Data excerpts

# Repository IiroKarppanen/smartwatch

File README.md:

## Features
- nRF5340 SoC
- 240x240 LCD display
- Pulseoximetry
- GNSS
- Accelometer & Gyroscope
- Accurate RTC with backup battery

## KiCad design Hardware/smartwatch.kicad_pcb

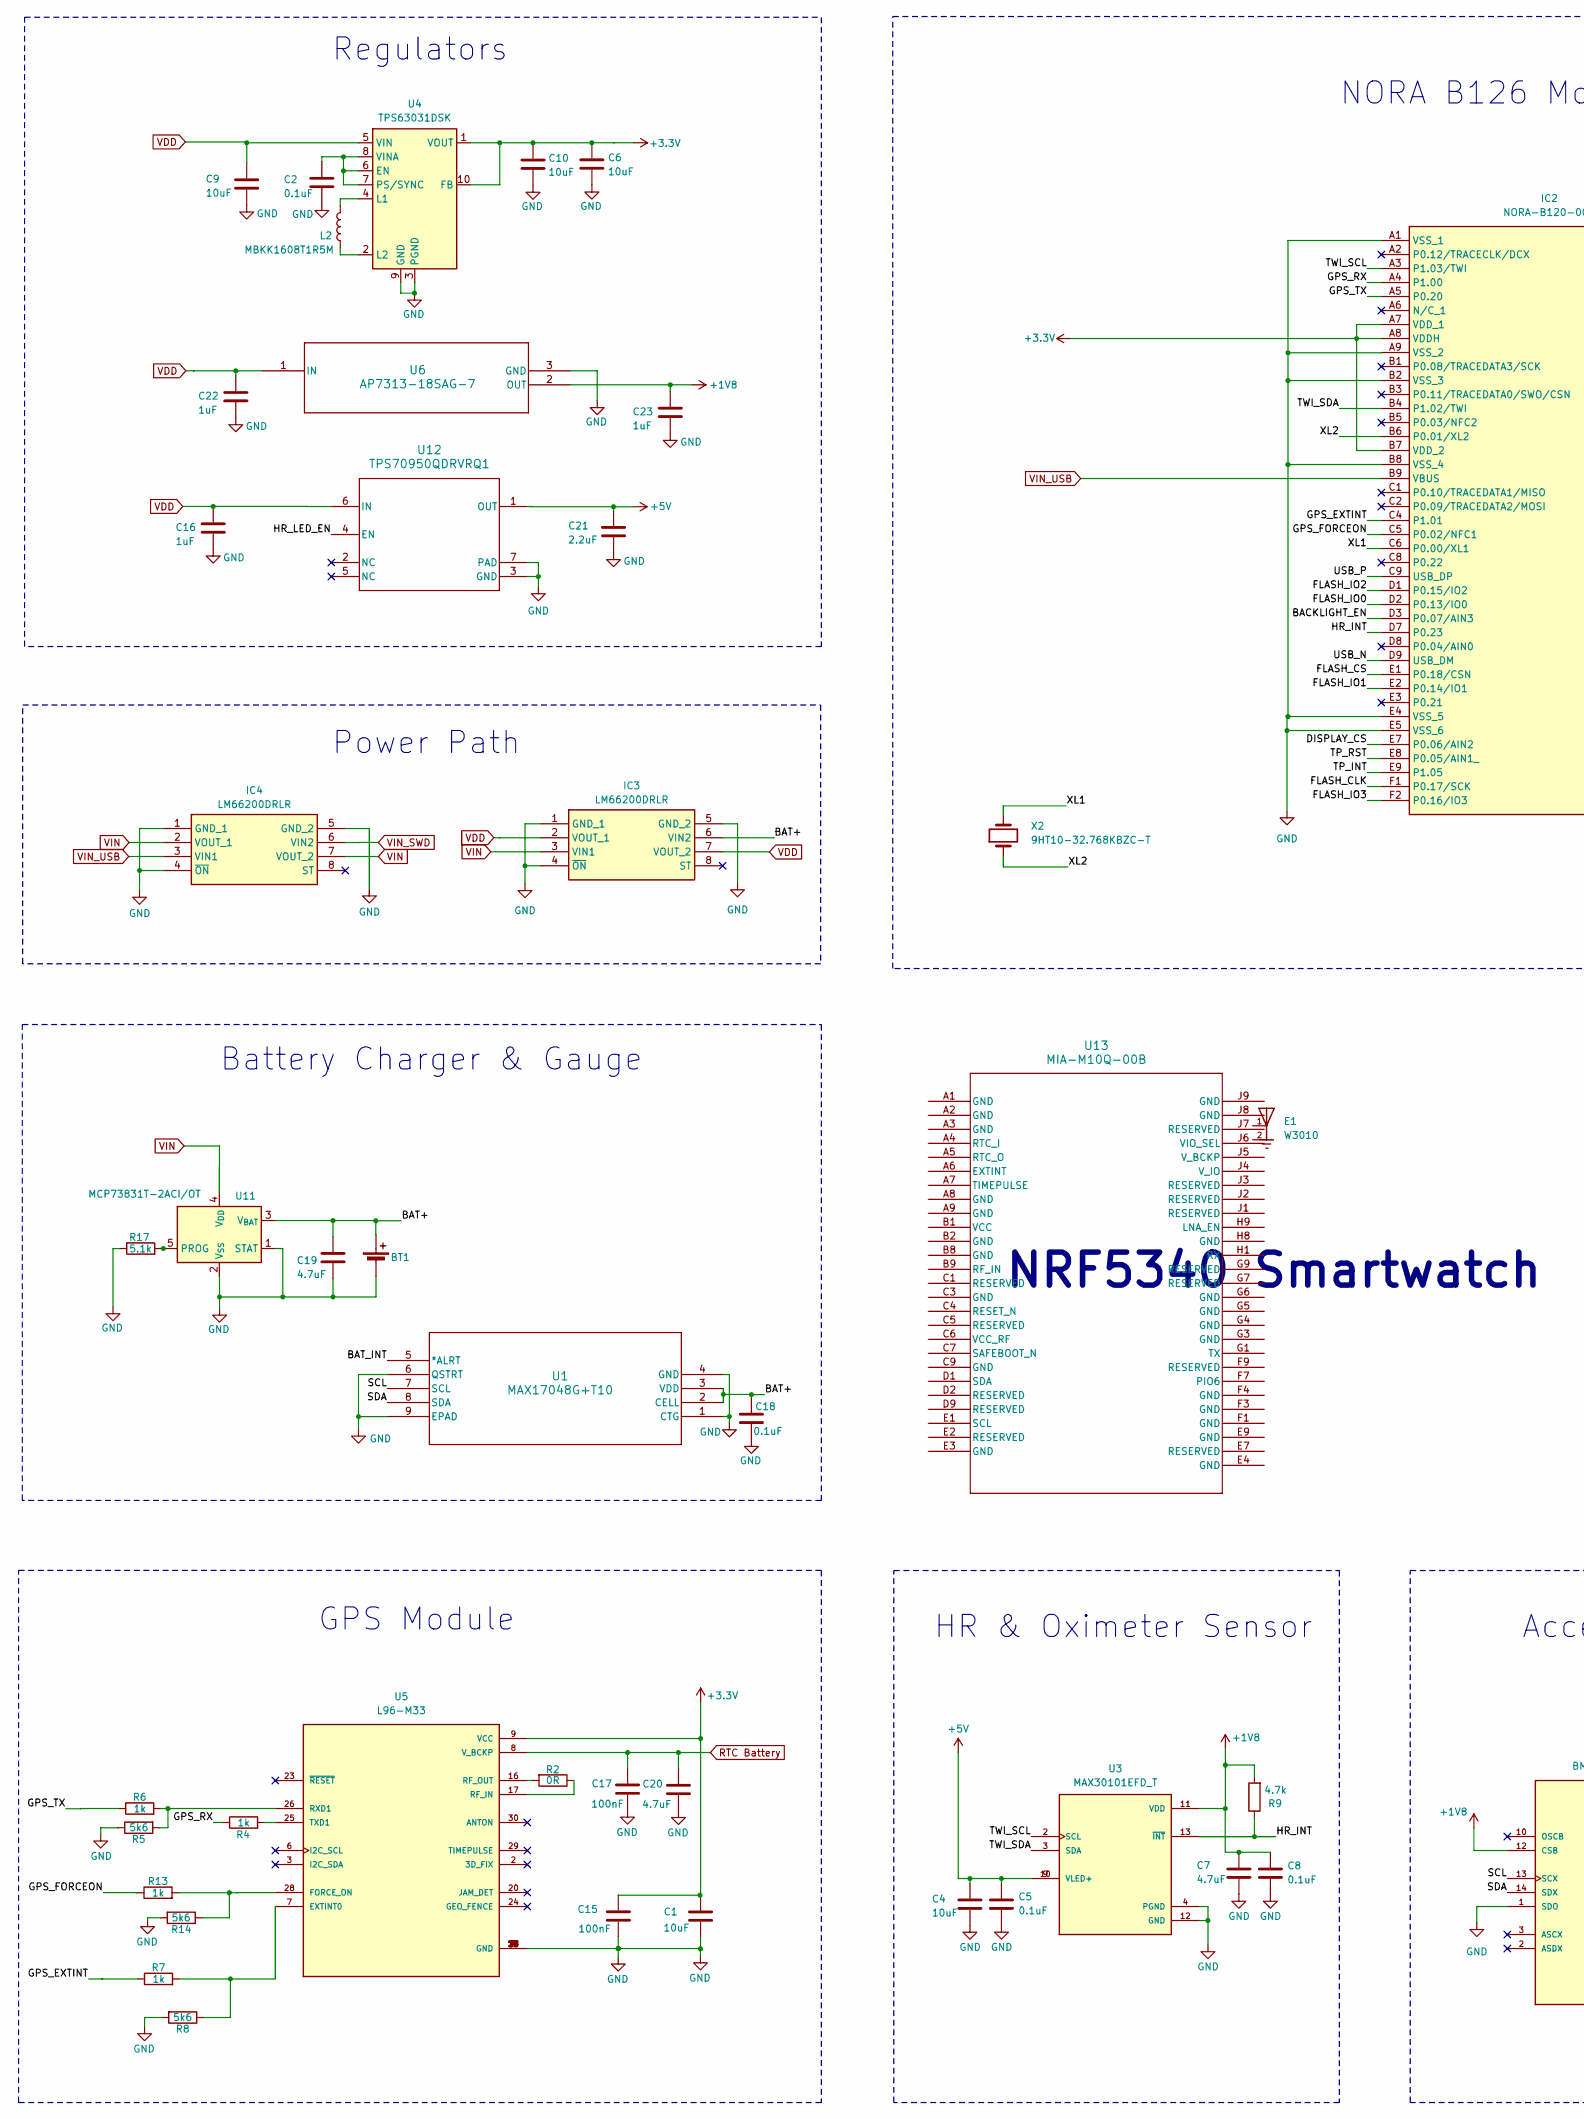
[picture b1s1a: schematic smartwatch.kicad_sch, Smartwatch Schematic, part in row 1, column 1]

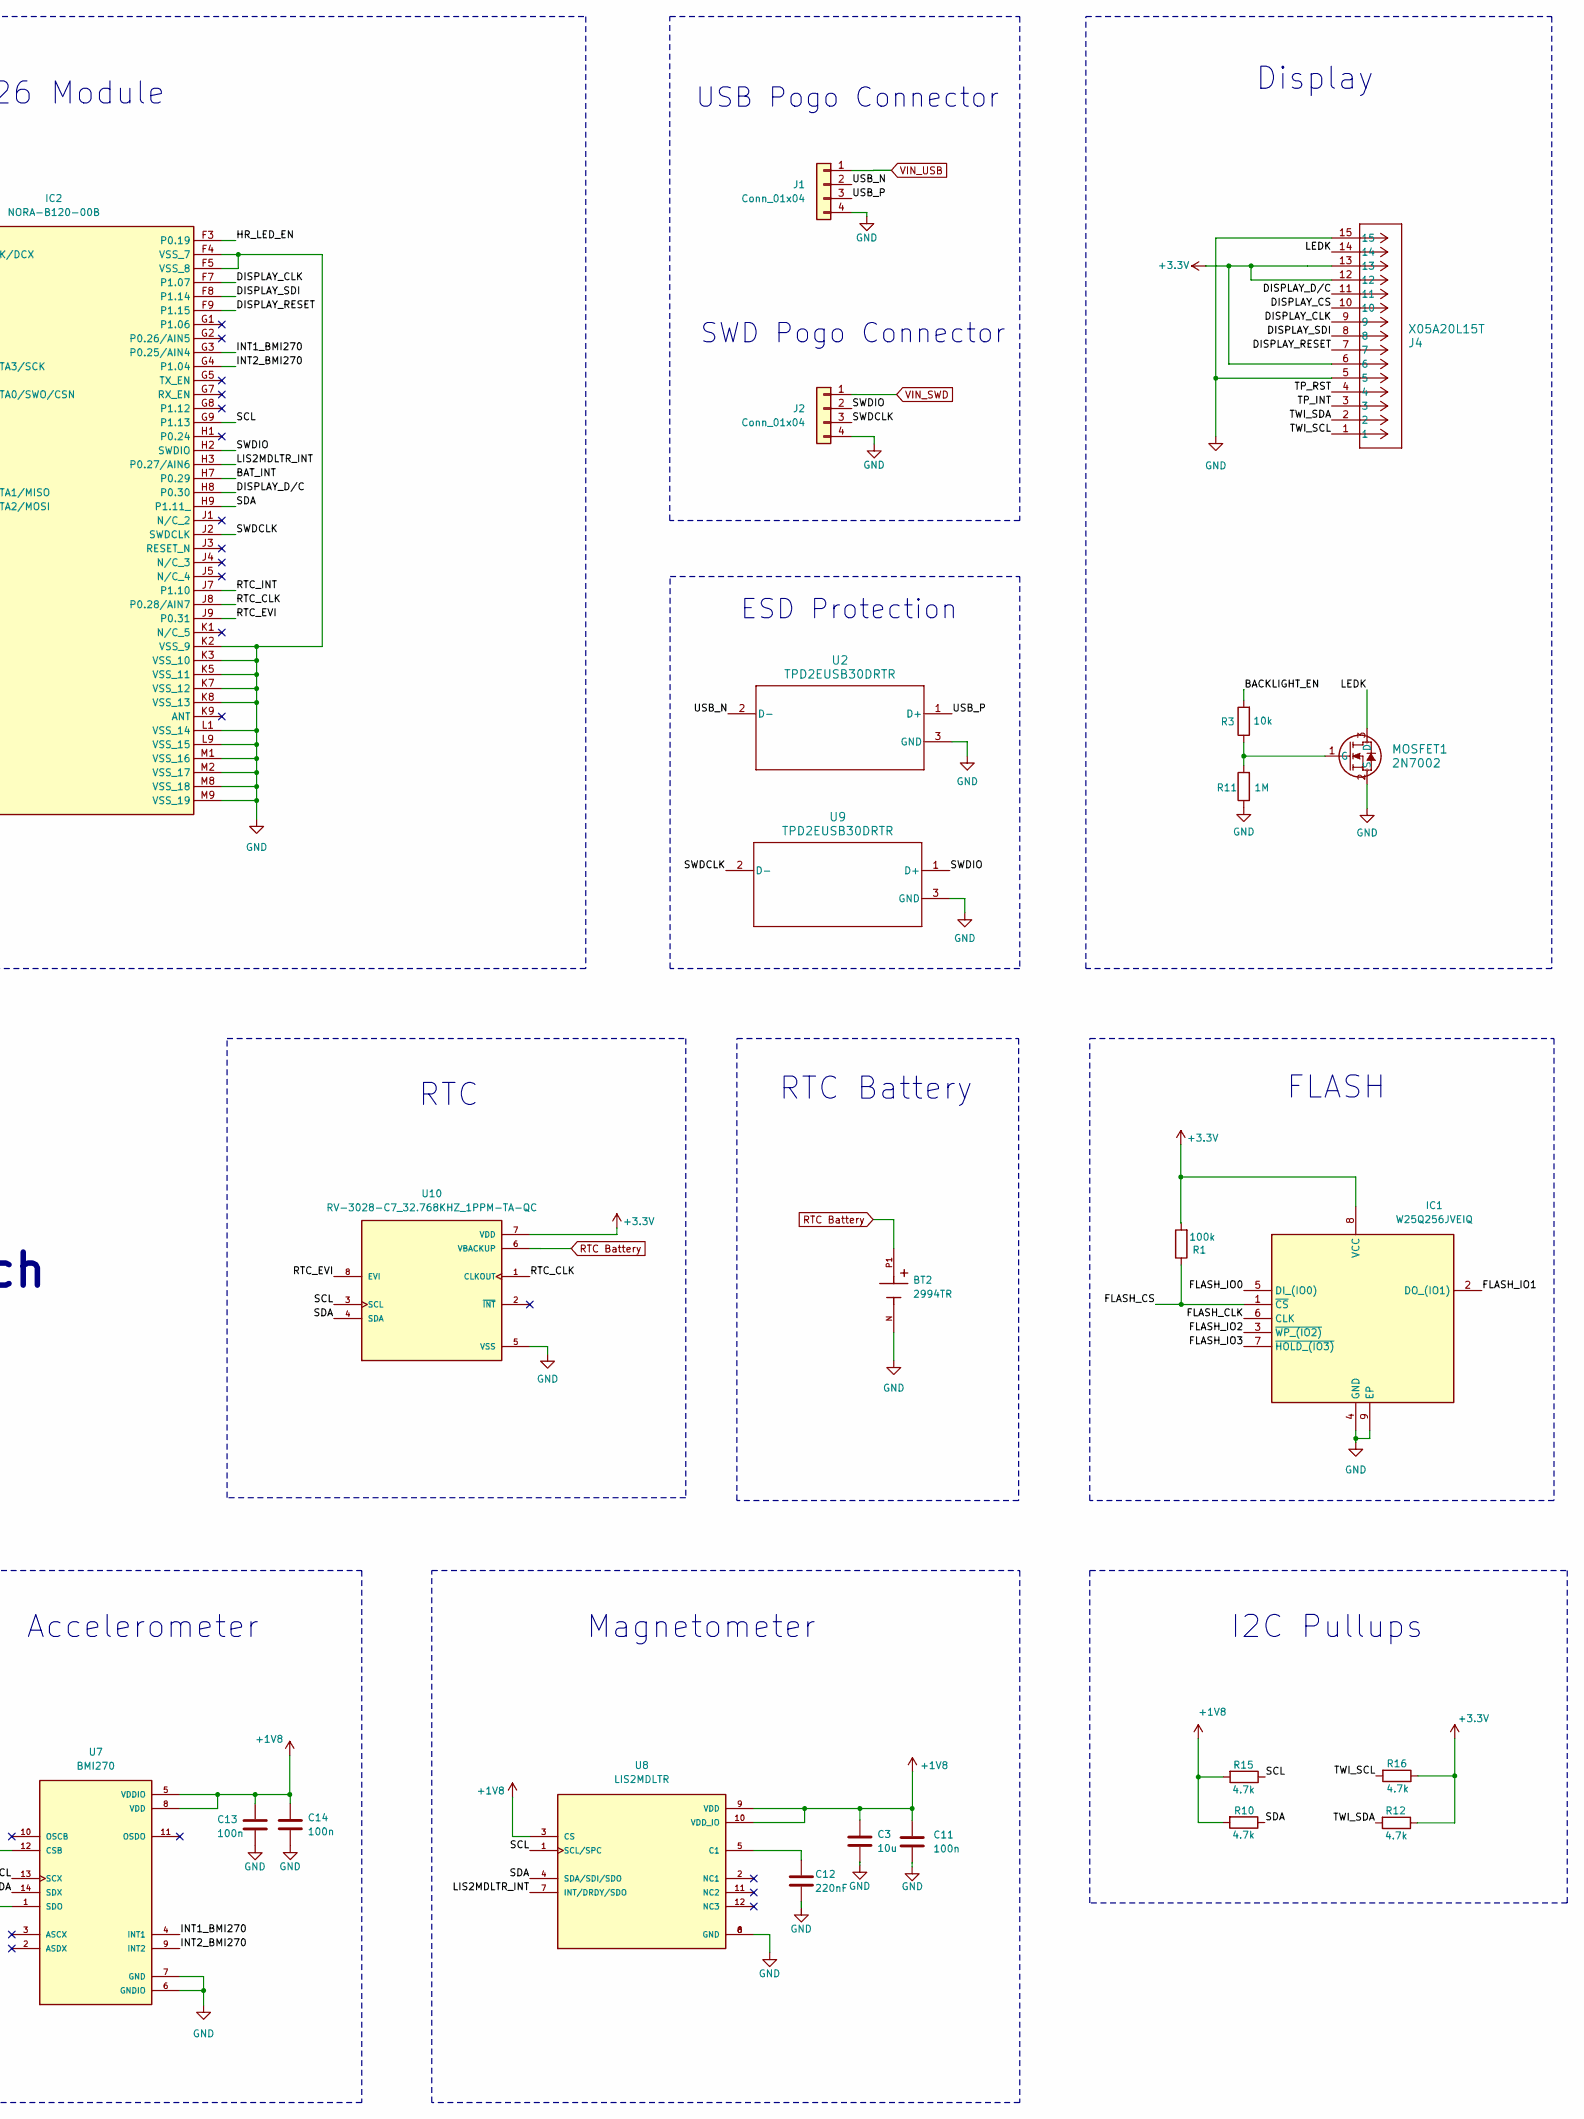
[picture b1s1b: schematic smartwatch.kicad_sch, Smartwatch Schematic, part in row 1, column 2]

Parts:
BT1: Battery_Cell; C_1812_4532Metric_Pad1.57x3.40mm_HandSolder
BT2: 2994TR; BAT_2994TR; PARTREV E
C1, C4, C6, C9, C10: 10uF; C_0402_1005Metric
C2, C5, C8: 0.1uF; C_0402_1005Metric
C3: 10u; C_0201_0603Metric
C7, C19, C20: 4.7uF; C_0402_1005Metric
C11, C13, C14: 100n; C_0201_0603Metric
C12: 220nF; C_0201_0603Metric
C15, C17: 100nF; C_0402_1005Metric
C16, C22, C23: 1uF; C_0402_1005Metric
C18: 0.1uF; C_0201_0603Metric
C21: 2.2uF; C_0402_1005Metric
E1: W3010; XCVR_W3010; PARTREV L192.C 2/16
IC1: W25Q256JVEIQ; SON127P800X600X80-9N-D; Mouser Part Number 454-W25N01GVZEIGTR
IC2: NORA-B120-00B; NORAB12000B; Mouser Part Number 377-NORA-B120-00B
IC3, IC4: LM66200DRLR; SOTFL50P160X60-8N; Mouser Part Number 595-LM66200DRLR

> Work task: Search the data for "Schematic". Copy each line that has it.

> Task response:
[picture b1s1a: schematic smartwatch.kicad_sch, Smartwatch Schematic, part in row 1, column 1]
[picture b1s1b: schematic smartwatch.kicad_sch, Smartwatch Schematic, part in row 1, column 2]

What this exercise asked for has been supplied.